# INSTRUCTIONS FOR THE TASK
Take every line from the data that has the word "extrude" in it.
═════ AVAILABLE DATA ═════
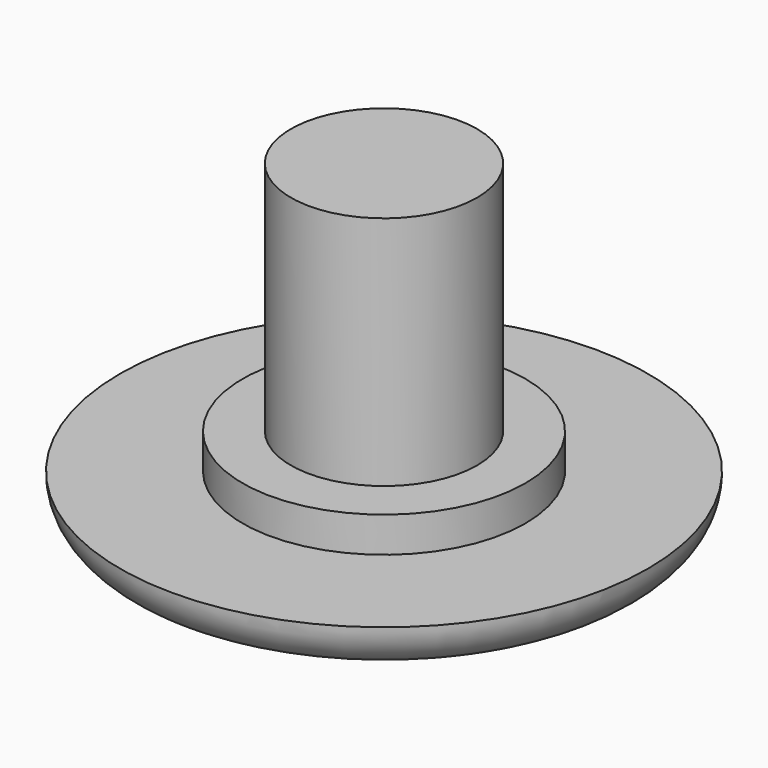
from build123d import *

# Parameters (mm, degrees)
F0_R     = 11.2
F1_DEPTH = 2
F2_R     = 6
F3_DEPTH = 1.5
F4_R     = 3.95
F5_DEPTH = 10
F6_R     = 1.99999


# Not quite as in the source:
# - a fillet or chamfer is up to 0.001 mm smaller than in the source, because OpenCascade refuses the exact size


with BuildPart() as f1:
    # F0 (on Top) → F1 (new body)
    with BuildSketch(Plane.XY):
        Circle(F0_R)
    extrude(amount=F1_DEPTH)

    # F2 (on face) → F3 (join)
    with BuildSketch(Plane.XY.offset(2)):
        Circle(F2_R)
    extrude(amount=F3_DEPTH)

    # F4 (on face) → F5 (join)
    with BuildSketch(Plane.XY.offset(3.5)):
        Circle(F4_R)
    extrude(amount=F5_DEPTH)

    # F6 (radius 2 in the source; OpenCascade refuses exactly that, so slightly less here)
    f6_edges = [f1.edges().sort_by_distance(p)[0] for p in [
        (-11.2, 0, 0),
    ]]
    fillet(f6_edges, radius=F6_R)


solid = f1.part
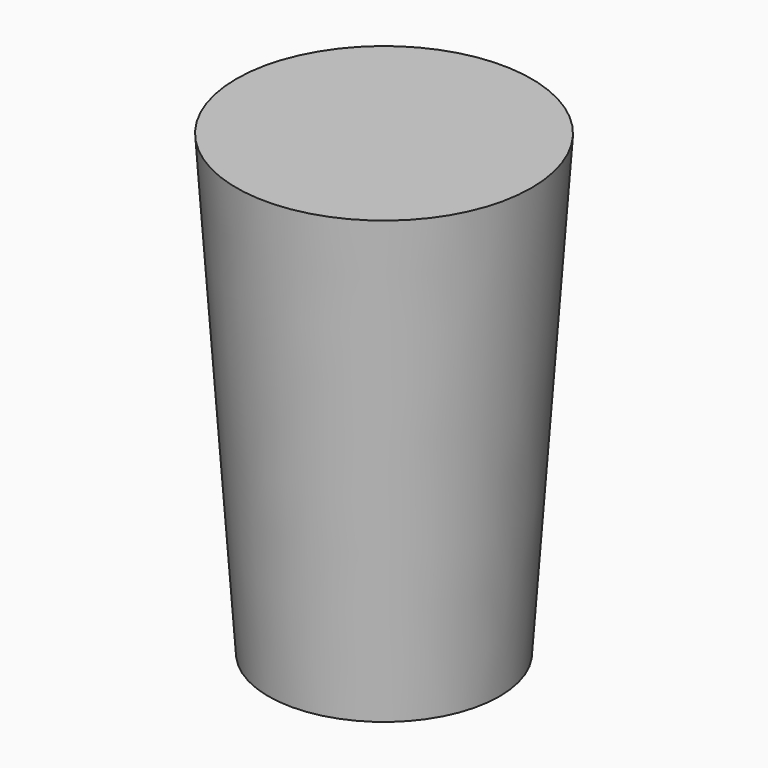
from build123d import *

# Parameters (mm, degrees)
F0_R     = 50.4693117614
F1_DEPTH = 200
F1_TAPER = -4


with BuildPart() as f1:
    # F0 (on Top) → F1 (new body)
    with BuildSketch(Plane.XY):
        Circle(F0_R)
    extrude(amount=F1_DEPTH, taper=F1_TAPER)


solid = f1.part
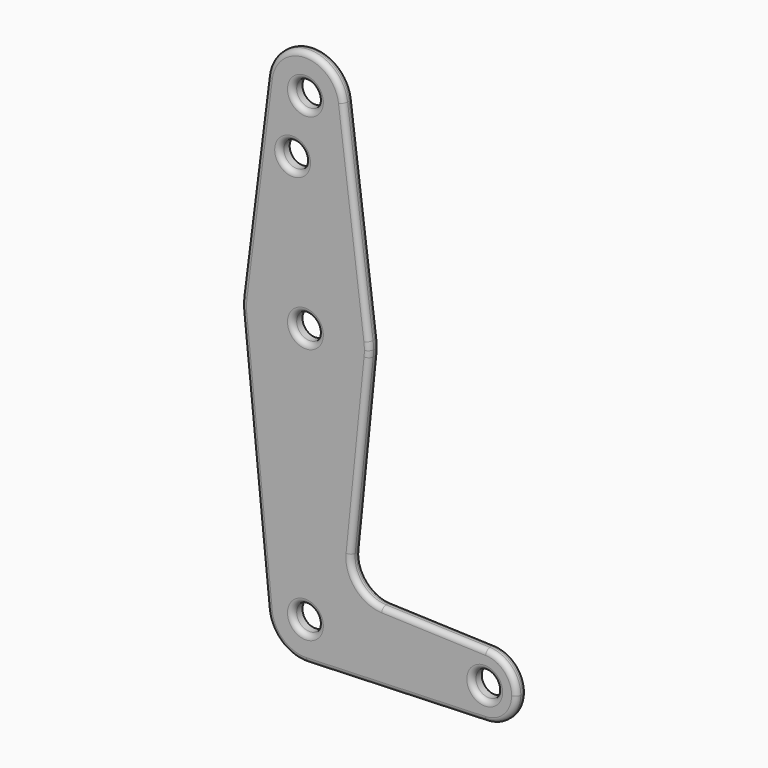
from build123d import *

# Parameters (mm, degrees)
F0_R     = 3.175
F1_DEPTH = 3.048
F2_R     = 1.27
F3_R     = 1.27


with BuildPart() as f1:
    # F0 (on Front) → F1 (new body)
    with BuildSketch(Plane.XZ):
        with BuildLine():
            ThreePointArc((44.7334821429, -7.9324362036), (50.1620069047, -5.5115227815), (52.3875, 0))
            ThreePointArc((52.3875, 0), (50.1620069047, 5.5115227815), (44.7334821429, 7.9324362036))
            ThreePointArc((44.7334821429, 7.9324362036), (36.5125, 0), (44.7334821429, -7.9324362036))
        make_face()
        with Locations((44.45, 0)):
            Circle(F0_R, mode=Mode.SUBTRACT)
        with BuildLine():
            ThreePointArc((44.7334821429, -7.9324362036), (36.5125, 0), (44.7334821429, 7.9324362036))
            Line((44.7334821429, 7.9324362036), (18.9676000005, 8.8532337108))
            ThreePointArc((18.9676000005, 8.8532337108), (13.2611998974, 11.5713591498), (11.3411865923, 17.5933818124))
            Line((11.3411865923, 17.5933818124), (15.7954255641, 61.9125))
            ThreePointArc((15.7954255641, 61.9125), (0, 47.625), (-15.7954255641, 61.9125))
            Line((-15.7954255641, 61.9125), (-9.4772553384, -0.9525))
            ThreePointArc((-9.4772553384, -0.9525), (-0.4768479324, 9.5130563464), (9.525, 0))
            ThreePointArc((9.525, 0), (6.8544082857, -6.6138273378), (0.3401785714, -9.5189234444))
            Line((0.3401785714, -9.5189234444), (44.7334821429, -7.9324362036))
        make_face()
        with BuildLine():
            ThreePointArc((-9.4772553384, -0.9525), (-6.2623833816, -7.1769199091), (0.3401785714, -9.5189234444))
            ThreePointArc((0.3401785714, -9.5189234444), (6.8544082857, -6.6138273378), (9.525, 0))
            ThreePointArc((9.525, 0), (-0.4768479324, 9.5130563464), (-9.4772553384, -0.9525))
        make_face()
        Circle(F0_R, mode=Mode.SUBTRACT)
        with BuildLine():
            ThreePointArc((-15.7954255641, 61.9125), (0, 47.625), (15.7954255641, 61.9125))
            ThreePointArc((15.7954255641, 61.9125), (15.8550939106, 62.7052534459), (15.875, 63.5))
            ThreePointArc((15.875, 63.5), (15.8438414904, 64.4941387366), (15.7504882737, 65.484375))
            ThreePointArc((15.7504882737, 65.484375), (0, 79.375), (-15.7504882737, 65.484375))
            ThreePointArc((-15.7504882737, 65.484375), (-15.8737438155, 63.6997054867), (-15.7954255641, 61.9125))
        make_face()
        with Locations((0, 63.5)):
            Circle(F0_R, mode=Mode.SUBTRACT)
        with BuildLine():
            Line((-9.4502929642, 115.490625), (-15.7504882737, 65.484375))
            ThreePointArc((-15.7504882737, 65.484375), (0, 79.375), (15.7504882737, 65.484375))
            Line((15.7504882737, 65.484375), (9.4502929642, 115.490625))
            ThreePointArc((9.4502929642, 115.490625), (9.5063048942, 114.896483242), (9.525, 114.3))
            ThreePointArc((9.525, 114.3), (-0.596483242, 104.7936951058), (-9.4502929642, 115.490625))
        make_face()
        with Locations((-3.175, 100.0252)):
            Circle(F0_R, mode=Mode.SUBTRACT)
        with BuildLine():
            ThreePointArc((9.4502929642, 115.490625), (0, 123.825), (-9.4502929642, 115.490625))
            ThreePointArc((-9.4502929642, 115.490625), (-0.596483242, 104.7936951058), (9.525, 114.3))
            ThreePointArc((9.525, 114.3), (9.5063048942, 114.896483242), (9.4502929642, 115.490625))
        make_face()
        with Locations((0, 114.3)):
            Circle(F0_R, mode=Mode.SUBTRACT)
    extrude(amount=F1_DEPTH)

    # F2
    f2_edges = [f1.edges().sort_by_distance(p)[0] for p in [
        (-12.63634, 0, 30.48),
    ]]
    fillet(f2_edges, radius=F2_R)

    # F3
    f3_edges = [f1.edges().sort_by_distance(p)[0] for p in [
        (52.3875, -3.048, 0),
        (31.850541, -3.048, 8.392835),
        (13.2612, -3.048, 11.571359),
        (13.568306, -3.048, 39.752941),
        (15.873744, -3.048, 63.699705),
        (12.600391, -3.048, 90.4875),
        (0, -3.048, 123.825),
        (-12.600391, -3.048, 90.4875),
        (-15.873744, -3.048, 63.699705),
        (-12.63634, -3.048, 30.48),
        (-6.262383, -3.048, -7.17692),
        (22.53683, -3.048, -8.72568),
        (41.275, -3.048, 0),
        (-3.175, -3.048, 0),
        (-3.175, -3.048, 63.5),
        (-6.35, -3.048, 100.0252),
        (-3.175, -3.048, 114.3),
    ]]
    fillet(f3_edges, radius=F3_R)


solid = f1.part
═════
# RESPONSE BOX
    extrude(amount=F1_DEPTH)
    extrude(amount=F3_DEPTH)
    extrude(amount=F5_DEPTH)
    extrude(amount=F1_DEPTH, taper=F1_TAPER)
    extrude(amount=F1_DEPTH)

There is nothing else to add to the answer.